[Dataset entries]

======

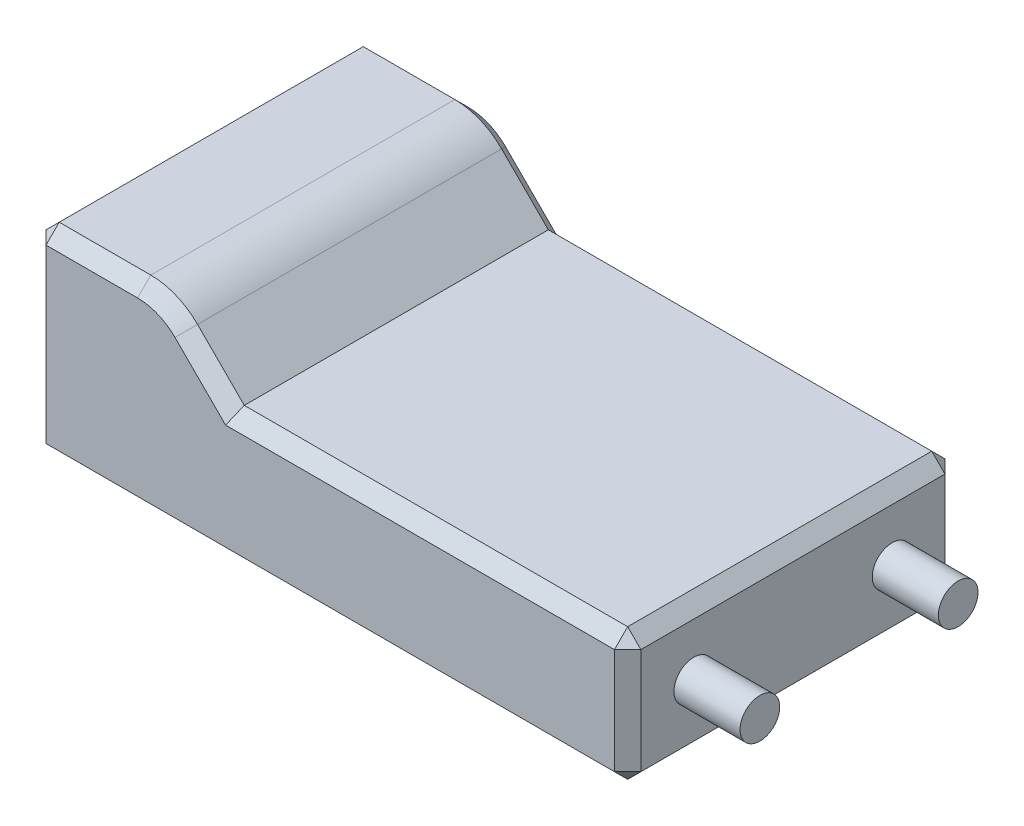
ISO-10303-21;
HEADER;
FILE_DESCRIPTION(('STEP AP214'),'2;1');
FILE_NAME('part.step','',(''),(''),'','','');
FILE_SCHEMA(('AUTOMOTIVE_DESIGN { 1 0 10303 214 1 1 1 1 }'));
ENDSEC;
DATA;
#1=APPLICATION_CONTEXT('core data for automotive mechanical design processes');
#2=APPLICATION_PROTOCOL_DEFINITION('international standard','automotive_design',2000,#1);
#3=PRODUCT_CONTEXT('',#1,'mechanical');
#4=PRODUCT('Part','Part','',(#3));
#5=PRODUCT_RELATED_PRODUCT_CATEGORY('part','',(#4));
#6=PRODUCT_DEFINITION_FORMATION('','',#4);
#7=PRODUCT_DEFINITION_CONTEXT('part definition',#1,'design');
#8=PRODUCT_DEFINITION('design','',#6,#7);
#9=PRODUCT_DEFINITION_SHAPE('','',#8);
#10=(LENGTH_UNIT() NAMED_UNIT(*) SI_UNIT(.MILLI.,.METRE.));
#11=(NAMED_UNIT(*) PLANE_ANGLE_UNIT() SI_UNIT($,.RADIAN.));
#12=(NAMED_UNIT(*) SI_UNIT($,.STERADIAN.) SOLID_ANGLE_UNIT());
#13=UNCERTAINTY_MEASURE_WITH_UNIT(LENGTH_MEASURE(1.E-05),#10,'distance_accuracy_value','');
#14=(GEOMETRIC_REPRESENTATION_CONTEXT(3) GLOBAL_UNCERTAINTY_ASSIGNED_CONTEXT((#13)) GLOBAL_UNIT_ASSIGNED_CONTEXT((#10,
#11,#12)) REPRESENTATION_CONTEXT('',''));
#15=CARTESIAN_POINT('',(0.,0.,0.));
#16=DIRECTION('',(0.,0.,1.));
#17=DIRECTION('',(1.,0.,0.));
#18=AXIS2_PLACEMENT_3D('',#15,#16,#17);
#19=CARTESIAN_POINT('',(-22.5,15.,0.));
#20=DIRECTION('',(1.,0.,0.));
#21=DIRECTION('',(0.,0.,-1.));
#22=AXIS2_PLACEMENT_3D('',#19,#20,#21);
#23=PLANE('',#22);
#24=DIRECTION('',(0.,-1.,0.));
#25=VECTOR('',#24,1.);
#26=CARTESIAN_POINT('',(-22.5,0.,10.));
#27=LINE('',#26,#25);
#28=CARTESIAN_POINT('',(-22.5,14.,10.));
#29=VERTEX_POINT('',#28);
#30=CARTESIAN_POINT('',(-22.5,1.,10.));
#31=VERTEX_POINT('',#30);
#32=EDGE_CURVE('E216',#29,#31,#27,.T.);
#33=ORIENTED_EDGE('',*,*,#32,.T.);
#34=DIRECTION('',(0.,0.,1.));
#35=VECTOR('',#34,1.);
#36=CARTESIAN_POINT('',(-22.5,1.00000000000001,0.));
#37=LINE('',#36,#35);
#38=CARTESIAN_POINT('',(-22.5,1.00000000000001,11.5));
#39=VERTEX_POINT('',#38);
#40=EDGE_CURVE('E320',#31,#39,#37,.T.);
#41=ORIENTED_EDGE('',*,*,#40,.T.);
#42=DIRECTION('',(0.,1.,0.));
#43=VECTOR('',#42,1.);
#44=CARTESIAN_POINT('',(-22.5,15.,11.5));
#45=LINE('',#44,#43);
#46=CARTESIAN_POINT('',(-22.5,14.,11.5));
#47=VERTEX_POINT('',#46);
#48=EDGE_CURVE('E317',#39,#47,#45,.T.);
#49=ORIENTED_EDGE('',*,*,#48,.T.);
#50=DIRECTION('',(0.,0.,-1.));
#51=VECTOR('',#50,1.);
#52=CARTESIAN_POINT('',(-22.5,14.,-12.5));
#53=LINE('',#52,#51);
#54=EDGE_CURVE('E315',#47,#29,#53,.T.);
#55=ORIENTED_EDGE('',*,*,#54,.T.);
#56=EDGE_LOOP('',(#33,#41,#49,#55));
#57=FACE_BOUND('',#56,.T.);
#58=ADVANCED_FACE('F47',(#57),#23,.F.);
#59=CARTESIAN_POINT('',(0.,10.,0.));
#60=DIRECTION('',(0.,1.,0.));
#61=DIRECTION('',(0.,0.,1.));
#62=AXIS2_PLACEMENT_3D('',#59,#60,#61);
#63=PLANE('',#62);
#64=DIRECTION('',(0.,0.,1.));
#65=VECTOR('',#64,1.);
#66=CARTESIAN_POINT('',(-7.49999999999988,10.,-12.5));
#67=LINE('',#66,#65);
#68=CARTESIAN_POINT('',(-7.49999999999988,10.,-11.5));
#69=VERTEX_POINT('',#68);
#70=CARTESIAN_POINT('',(-7.49999999999988,10.,11.5));
#71=VERTEX_POINT('',#70);
#72=EDGE_CURVE('E229',#69,#71,#67,.T.);
#73=ORIENTED_EDGE('',*,*,#72,.T.);
#74=DIRECTION('',(1.,0.,0.));
#75=VECTOR('',#74,1.);
#76=CARTESIAN_POINT('',(22.5,10.,11.5));
#77=LINE('',#76,#75);
#78=CARTESIAN_POINT('',(21.5,10.,11.5));
#79=VERTEX_POINT('',#78);
#80=EDGE_CURVE('E274',#71,#79,#77,.T.);
#81=ORIENTED_EDGE('',*,*,#80,.T.);
#82=DIRECTION('',(0.,0.,-1.));
#83=VECTOR('',#82,1.);
#84=CARTESIAN_POINT('',(21.5,10.,0.));
#85=LINE('',#84,#83);
#86=CARTESIAN_POINT('',(21.5,10.,-11.5));
#87=VERTEX_POINT('',#86);
#88=EDGE_CURVE('E270',#79,#87,#85,.T.);
#89=ORIENTED_EDGE('',*,*,#88,.T.);
#90=DIRECTION('',(-1.,0.,0.));
#91=VECTOR('',#90,1.);
#92=CARTESIAN_POINT('',(0.,10.,-11.5));
#93=LINE('',#92,#91);
#94=EDGE_CURVE('E272',#87,#69,#93,.T.);
#95=ORIENTED_EDGE('',*,*,#94,.T.);
#96=EDGE_LOOP('',(#73,#81,#89,#95));
#97=FACE_BOUND('',#96,.T.);
#98=ADVANCED_FACE('F441',(#97),#63,.T.);
#99=DIRECTION('',(0.,-1.,0.));
#100=VECTOR('',#99,1.);
#101=CARTESIAN_POINT('',(-22.5,0.,-11.5));
#102=LINE('',#101,#100);
#103=CARTESIAN_POINT('',(-22.5,14.,-11.5));
#104=VERTEX_POINT('',#103);
#105=CARTESIAN_POINT('',(-22.5,1.00000000000001,-11.5));
#106=VERTEX_POINT('',#105);
#107=EDGE_CURVE('E311',#104,#106,#102,.T.);
#108=ORIENTED_EDGE('',*,*,#107,.T.);
#109=DIRECTION('',(0.,0.,1.));
#110=VECTOR('',#109,1.);
#111=CARTESIAN_POINT('',(-22.5,1.00000000000001,0.));
#112=LINE('',#111,#110);
#113=CARTESIAN_POINT('',(-22.5,1.,-10.));
#114=VERTEX_POINT('',#113);
#115=EDGE_CURVE('E313',#106,#114,#112,.T.);
#116=ORIENTED_EDGE('',*,*,#115,.T.);
#117=DIRECTION('',(0.,-1.,0.));
#118=VECTOR('',#117,1.);
#119=CARTESIAN_POINT('',(-22.5,0.,-10.));
#120=LINE('',#119,#118);
#121=CARTESIAN_POINT('',(-22.5,14.,-10.));
#122=VERTEX_POINT('',#121);
#123=EDGE_CURVE('E228',#122,#114,#120,.T.);
#124=ORIENTED_EDGE('',*,*,#123,.F.);
#125=DIRECTION('',(0.,0.,-1.));
#126=VECTOR('',#125,1.);
#127=CARTESIAN_POINT('',(-22.5,14.,-12.5));
#128=LINE('',#127,#126);
#129=EDGE_CURVE('E309',#122,#104,#128,.T.);
#130=ORIENTED_EDGE('',*,*,#129,.T.);
#131=EDGE_LOOP('',(#108,#116,#124,#130));
#132=FACE_BOUND('',#131,.T.);
#133=ADVANCED_FACE('F444',(#132),#23,.F.);
#134=CARTESIAN_POINT('',(0.,10.,-12.5));
#135=DIRECTION('',(0.,0.,-1.));
#136=DIRECTION('',(-1.,0.,0.));
#137=AXIS2_PLACEMENT_3D('',#134,#135,#136);
#138=PLANE('',#137);
#139=CARTESIAN_POINT('',(-14.5710678118654,10.,-12.5));
#140=DIRECTION('',(0.,0.,-1.));
#141=DIRECTION('',(-1.,0.,0.));
#142=AXIS2_PLACEMENT_3D('',#139,#140,#141);
#143=CIRCLE('',#142,3.99999999999999);
#144=CARTESIAN_POINT('',(-14.5710678118654,14.,-12.5));
#145=VERTEX_POINT('',#144);
#146=CARTESIAN_POINT('',(-11.7426406871193,12.8284271247462,-12.5));
#147=VERTEX_POINT('',#146);
#148=EDGE_CURVE('E256',#145,#147,#143,.T.);
#149=ORIENTED_EDGE('',*,*,#148,.T.);
#150=DIRECTION('',(0.707106781186556,-0.707106781186539,0.));
#151=VECTOR('',#150,1.);
#152=CARTESIAN_POINT('',(-8.20710678118643,9.29289321881344,-12.5));
#153=LINE('',#152,#151);
#154=CARTESIAN_POINT('',(-7.91421356237297,8.99999999999999,-12.5));
#155=VERTEX_POINT('',#154);
#156=EDGE_CURVE('E258',#147,#155,#153,.T.);
#157=ORIENTED_EDGE('',*,*,#156,.T.);
#158=DIRECTION('',(1.,0.,0.));
#159=VECTOR('',#158,1.);
#160=CARTESIAN_POINT('',(0.,8.99999999999999,-12.5));
#161=LINE('',#160,#159);
#162=CARTESIAN_POINT('',(21.5,8.99999999999999,-12.5));
#163=VERTEX_POINT('',#162);
#164=EDGE_CURVE('E254',#155,#163,#161,.T.);
#165=ORIENTED_EDGE('',*,*,#164,.T.);
#166=DIRECTION('',(0.,-1.,0.));
#167=VECTOR('',#166,1.);
#168=CARTESIAN_POINT('',(21.5,10.,-12.5));
#169=LINE('',#168,#167);
#170=CARTESIAN_POINT('',(21.5,1.00000000000001,-12.5));
#171=VERTEX_POINT('',#170);
#172=EDGE_CURVE('E252',#163,#171,#169,.T.);
#173=ORIENTED_EDGE('',*,*,#172,.T.);
#174=DIRECTION('',(-1.,0.,0.));
#175=VECTOR('',#174,1.);
#176=CARTESIAN_POINT('',(-22.5,1.00000000000001,-12.5));
#177=LINE('',#176,#175);
#178=CARTESIAN_POINT('',(-21.5,1.00000000000001,-12.5));
#179=VERTEX_POINT('',#178);
#180=EDGE_CURVE('E250',#171,#179,#177,.T.);
#181=ORIENTED_EDGE('',*,*,#180,.T.);
#182=DIRECTION('',(0.,1.,0.));
#183=VECTOR('',#182,1.);
#184=CARTESIAN_POINT('',(-21.5,15.,-12.5));
#185=LINE('',#184,#183);
#186=CARTESIAN_POINT('',(-21.5,14.,-12.5));
#187=VERTEX_POINT('',#186);
#188=EDGE_CURVE('E248',#179,#187,#185,.T.);
#189=ORIENTED_EDGE('',*,*,#188,.T.);
#190=DIRECTION('',(1.,0.,0.));
#191=VECTOR('',#190,1.);
#192=CARTESIAN_POINT('',(0.,14.,-12.5));
#193=LINE('',#192,#191);
#194=EDGE_CURVE('E246',#187,#145,#193,.T.);
#195=ORIENTED_EDGE('',*,*,#194,.T.);
#196=EDGE_LOOP('',(#149,#157,#165,#173,#181,#189,#195));
#197=FACE_BOUND('',#196,.T.);
#198=ADVANCED_FACE('F451',(#197),#138,.T.);
#199=CARTESIAN_POINT('',(0.,10.,12.5));
#200=DIRECTION('',(0.,0.,-1.));
#201=DIRECTION('',(-1.,0.,0.));
#202=AXIS2_PLACEMENT_3D('',#199,#200,#201);
#203=PLANE('',#202);
#204=DIRECTION('',(0.,1.,0.));
#205=VECTOR('',#204,1.);
#206=CARTESIAN_POINT('',(21.5,10.,12.5));
#207=LINE('',#206,#205);
#208=CARTESIAN_POINT('',(21.5,1.00000000000001,12.5));
#209=VERTEX_POINT('',#208);
#210=CARTESIAN_POINT('',(21.5,8.99999999999999,12.5));
#211=VERTEX_POINT('',#210);
#212=EDGE_CURVE('E286',#209,#211,#207,.T.);
#213=ORIENTED_EDGE('',*,*,#212,.T.);
#214=DIRECTION('',(-1.,0.,0.));
#215=VECTOR('',#214,1.);
#216=CARTESIAN_POINT('',(-7.49999999999988,8.99999999999999,12.5));
#217=LINE('',#216,#215);
#218=CARTESIAN_POINT('',(-7.91421356237297,8.99999999999999,12.5));
#219=VERTEX_POINT('',#218);
#220=EDGE_CURVE('E288',#211,#219,#217,.T.);
#221=ORIENTED_EDGE('',*,*,#220,.T.);
#222=DIRECTION('',(-0.707106781186556,0.707106781186539,0.));
#223=VECTOR('',#222,1.);
#224=CARTESIAN_POINT('',(-4.45710678118639,5.5428932188135,12.5));
#225=LINE('',#224,#223);
#226=CARTESIAN_POINT('',(-11.7426406871193,12.8284271247462,12.5));
#227=VERTEX_POINT('',#226);
#228=EDGE_CURVE('E280',#219,#227,#225,.T.);
#229=ORIENTED_EDGE('',*,*,#228,.T.);
#230=CARTESIAN_POINT('',(-14.5710678118654,10.,12.5));
#231=DIRECTION('',(0.,0.,-1.));
#232=DIRECTION('',(-1.,0.,0.));
#233=AXIS2_PLACEMENT_3D('',#230,#231,#232);
#234=CIRCLE('',#233,3.99999999999999);
#235=CARTESIAN_POINT('',(-14.5710678118654,14.,12.5));
#236=VERTEX_POINT('',#235);
#237=EDGE_CURVE('E278',#227,#236,#234,.F.);
#238=ORIENTED_EDGE('',*,*,#237,.T.);
#239=DIRECTION('',(-1.,0.,0.));
#240=VECTOR('',#239,1.);
#241=CARTESIAN_POINT('',(-22.5,14.,12.5));
#242=LINE('',#241,#240);
#243=CARTESIAN_POINT('',(-21.5,14.,12.5));
#244=VERTEX_POINT('',#243);
#245=EDGE_CURVE('E276',#236,#244,#242,.T.);
#246=ORIENTED_EDGE('',*,*,#245,.T.);
#247=DIRECTION('',(0.,-1.,0.));
#248=VECTOR('',#247,1.);
#249=CARTESIAN_POINT('',(-21.5,10.,12.5));
#250=LINE('',#249,#248);
#251=CARTESIAN_POINT('',(-21.5,1.00000000000001,12.5));
#252=VERTEX_POINT('',#251);
#253=EDGE_CURVE('E282',#244,#252,#250,.T.);
#254=ORIENTED_EDGE('',*,*,#253,.T.);
#255=DIRECTION('',(1.,0.,0.));
#256=VECTOR('',#255,1.);
#257=CARTESIAN_POINT('',(0.,1.00000000000001,12.5));
#258=LINE('',#257,#256);
#259=EDGE_CURVE('E284',#252,#209,#258,.T.);
#260=ORIENTED_EDGE('',*,*,#259,.T.);
#261=EDGE_LOOP('',(#213,#221,#229,#238,#246,#254,#260));
#262=FACE_BOUND('',#261,.T.);
#263=ADVANCED_FACE('F456',(#262),#203,.F.);
#264=CARTESIAN_POINT('',(22.5,10.,0.));
#265=DIRECTION('',(1.,0.,0.));
#266=DIRECTION('',(0.,0.,-1.));
#267=AXIS2_PLACEMENT_3D('',#264,#265,#266);
#268=PLANE('',#267);
#269=CARTESIAN_POINT('',(22.5,5.00000000000001,-7.49999999999999));
#270=DIRECTION('',(1.,0.,0.));
#271=DIRECTION('',(0.,0.,-1.));
#272=AXIS2_PLACEMENT_3D('',#269,#270,#271);
#273=CIRCLE('',#272,1.5);
#274=CARTESIAN_POINT('',(22.5,5.00000000000001,-8.99999999999999));
#275=VERTEX_POINT('',#274);
#276=EDGE_CURVE('E11',#275,#275,#273,.T.);
#277=ORIENTED_EDGE('',*,*,#276,.F.);
#278=EDGE_LOOP('',(#277));
#279=FACE_BOUND('',#278,.T.);
#280=CARTESIAN_POINT('',(22.5,5.,7.49999999999999));
#281=DIRECTION('',(1.,0.,0.));
#282=DIRECTION('',(0.,0.,-1.));
#283=AXIS2_PLACEMENT_3D('',#280,#281,#282);
#284=CIRCLE('',#283,1.5);
#285=CARTESIAN_POINT('',(22.5,5.,5.99999999999999));
#286=VERTEX_POINT('',#285);
#287=EDGE_CURVE('E420',#286,#286,#284,.T.);
#288=ORIENTED_EDGE('',*,*,#287,.F.);
#289=EDGE_LOOP('',(#288));
#290=FACE_BOUND('',#289,.T.);
#291=DIRECTION('',(0.,0.,1.));
#292=VECTOR('',#291,1.);
#293=CARTESIAN_POINT('',(22.5,8.99999999999999,0.));
#294=LINE('',#293,#292);
#295=CARTESIAN_POINT('',(22.5,8.99999999999999,-11.5));
#296=VERTEX_POINT('',#295);
#297=CARTESIAN_POINT('',(22.5,8.99999999999999,11.5));
#298=VERTEX_POINT('',#297);
#299=EDGE_CURVE('E293',#296,#298,#294,.T.);
#300=ORIENTED_EDGE('',*,*,#299,.T.);
#301=DIRECTION('',(0.,-1.,0.));
#302=VECTOR('',#301,1.);
#303=CARTESIAN_POINT('',(22.5,0.,11.5));
#304=LINE('',#303,#302);
#305=CARTESIAN_POINT('',(22.5,1.00000000000001,11.5));
#306=VERTEX_POINT('',#305);
#307=EDGE_CURVE('E297',#298,#306,#304,.T.);
#308=ORIENTED_EDGE('',*,*,#307,.T.);
#309=DIRECTION('',(0.,0.,-1.));
#310=VECTOR('',#309,1.);
#311=CARTESIAN_POINT('',(22.5,1.00000000000001,-12.5));
#312=LINE('',#311,#310);
#313=CARTESIAN_POINT('',(22.5,1.00000000000001,-11.5));
#314=VERTEX_POINT('',#313);
#315=EDGE_CURVE('E295',#306,#314,#312,.T.);
#316=ORIENTED_EDGE('',*,*,#315,.T.);
#317=DIRECTION('',(0.,1.,0.));
#318=VECTOR('',#317,1.);
#319=CARTESIAN_POINT('',(22.5,10.,-11.5));
#320=LINE('',#319,#318);
#321=EDGE_CURVE('E291',#314,#296,#320,.T.);
#322=ORIENTED_EDGE('',*,*,#321,.T.);
#323=EDGE_LOOP('',(#300,#308,#316,#322));
#324=FACE_BOUND('',#323,.T.);
#325=ADVANCED_FACE('F503',(#279,#290,#324),#268,.T.);
#326=CARTESIAN_POINT('',(0.,0.,0.));
#327=DIRECTION('',(0.,1.,0.));
#328=DIRECTION('',(0.,0.,1.));
#329=AXIS2_PLACEMENT_3D('',#326,#327,#328);
#330=PLANE('',#329);
#331=DIRECTION('',(0.,0.,1.));
#332=VECTOR('',#331,1.);
#333=CARTESIAN_POINT('',(21.5,0.,12.5));
#334=LINE('',#333,#332);
#335=CARTESIAN_POINT('',(21.5,0.,-11.5));
#336=VERTEX_POINT('',#335);
#337=CARTESIAN_POINT('',(21.5,0.,11.5));
#338=VERTEX_POINT('',#337);
#339=EDGE_CURVE('E302',#336,#338,#334,.T.);
#340=ORIENTED_EDGE('',*,*,#339,.T.);
#341=DIRECTION('',(-1.,0.,0.));
#342=VECTOR('',#341,1.);
#343=CARTESIAN_POINT('',(0.,0.,11.5));
#344=LINE('',#343,#342);
#345=CARTESIAN_POINT('',(-21.5,0.,11.5));
#346=VERTEX_POINT('',#345);
#347=EDGE_CURVE('E306',#338,#346,#344,.T.);
#348=ORIENTED_EDGE('',*,*,#347,.T.);
#349=DIRECTION('',(0.,0.,-1.));
#350=VECTOR('',#349,1.);
#351=CARTESIAN_POINT('',(-21.5,0.,0.));
#352=LINE('',#351,#350);
#353=CARTESIAN_POINT('',(-21.5,0.,-11.5));
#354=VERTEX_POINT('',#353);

======

TRY IT ▸ Out of the data above, set down the lines from the one with "#104=VERTEX_POINT('',#103);" to the one with "#165=ORIENTED_EDGE('',*,*,#164,.T.);", both included, exactly as written and with no additions.

SOLUTION TO THIS PROBLEM ▸
#104=VERTEX_POINT('',#103);
#105=CARTESIAN_POINT('',(-22.5,1.00000000000001,-11.5));
#106=VERTEX_POINT('',#105);
#107=EDGE_CURVE('E311',#104,#106,#102,.T.);
#108=ORIENTED_EDGE('',*,*,#107,.T.);
#109=DIRECTION('',(0.,0.,1.));
#110=VECTOR('',#109,1.);
#111=CARTESIAN_POINT('',(-22.5,1.00000000000001,0.));
#112=LINE('',#111,#110);
#113=CARTESIAN_POINT('',(-22.5,1.,-10.));
#114=VERTEX_POINT('',#113);
#115=EDGE_CURVE('E313',#106,#114,#112,.T.);
#116=ORIENTED_EDGE('',*,*,#115,.T.);
#117=DIRECTION('',(0.,-1.,0.));
#118=VECTOR('',#117,1.);
#119=CARTESIAN_POINT('',(-22.5,0.,-10.));
#120=LINE('',#119,#118);
#121=CARTESIAN_POINT('',(-22.5,14.,-10.));
#122=VERTEX_POINT('',#121);
#123=EDGE_CURVE('E228',#122,#114,#120,.T.);
#124=ORIENTED_EDGE('',*,*,#123,.F.);
#125=DIRECTION('',(0.,0.,-1.));
#126=VECTOR('',#125,1.);
#127=CARTESIAN_POINT('',(-22.5,14.,-12.5));
#128=LINE('',#127,#126);
#129=EDGE_CURVE('E309',#122,#104,#128,.T.);
#130=ORIENTED_EDGE('',*,*,#129,.T.);
#131=EDGE_LOOP('',(#108,#116,#124,#130));
#132=FACE_BOUND('',#131,.T.);
#133=ADVANCED_FACE('F444',(#132),#23,.F.);
#134=CARTESIAN_POINT('',(0.,10.,-12.5));
#135=DIRECTION('',(0.,0.,-1.));
#136=DIRECTION('',(-1.,0.,0.));
#137=AXIS2_PLACEMENT_3D('',#134,#135,#136);
#138=PLANE('',#137);
#139=CARTESIAN_POINT('',(-14.5710678118654,10.,-12.5));
#140=DIRECTION('',(0.,0.,-1.));
#141=DIRECTION('',(-1.,0.,0.));
#142=AXIS2_PLACEMENT_3D('',#139,#140,#141);
#143=CIRCLE('',#142,3.99999999999999);
#144=CARTESIAN_POINT('',(-14.5710678118654,14.,-12.5));
#145=VERTEX_POINT('',#144);
#146=CARTESIAN_POINT('',(-11.7426406871193,12.8284271247462,-12.5));
#147=VERTEX_POINT('',#146);
#148=EDGE_CURVE('E256',#145,#147,#143,.T.);
#149=ORIENTED_EDGE('',*,*,#148,.T.);
#150=DIRECTION('',(0.707106781186556,-0.707106781186539,0.));
#151=VECTOR('',#150,1.);
#152=CARTESIAN_POINT('',(-8.20710678118643,9.29289321881344,-12.5));
#153=LINE('',#152,#151);
#154=CARTESIAN_POINT('',(-7.91421356237297,8.99999999999999,-12.5));
#155=VERTEX_POINT('',#154);
#156=EDGE_CURVE('E258',#147,#155,#153,.T.);
#157=ORIENTED_EDGE('',*,*,#156,.T.);
#158=DIRECTION('',(1.,0.,0.));
#159=VECTOR('',#158,1.);
#160=CARTESIAN_POINT('',(0.,8.99999999999999,-12.5));
#161=LINE('',#160,#159);
#162=CARTESIAN_POINT('',(21.5,8.99999999999999,-12.5));
#163=VERTEX_POINT('',#162);
#164=EDGE_CURVE('E254',#155,#163,#161,.T.);
#165=ORIENTED_EDGE('',*,*,#164,.T.);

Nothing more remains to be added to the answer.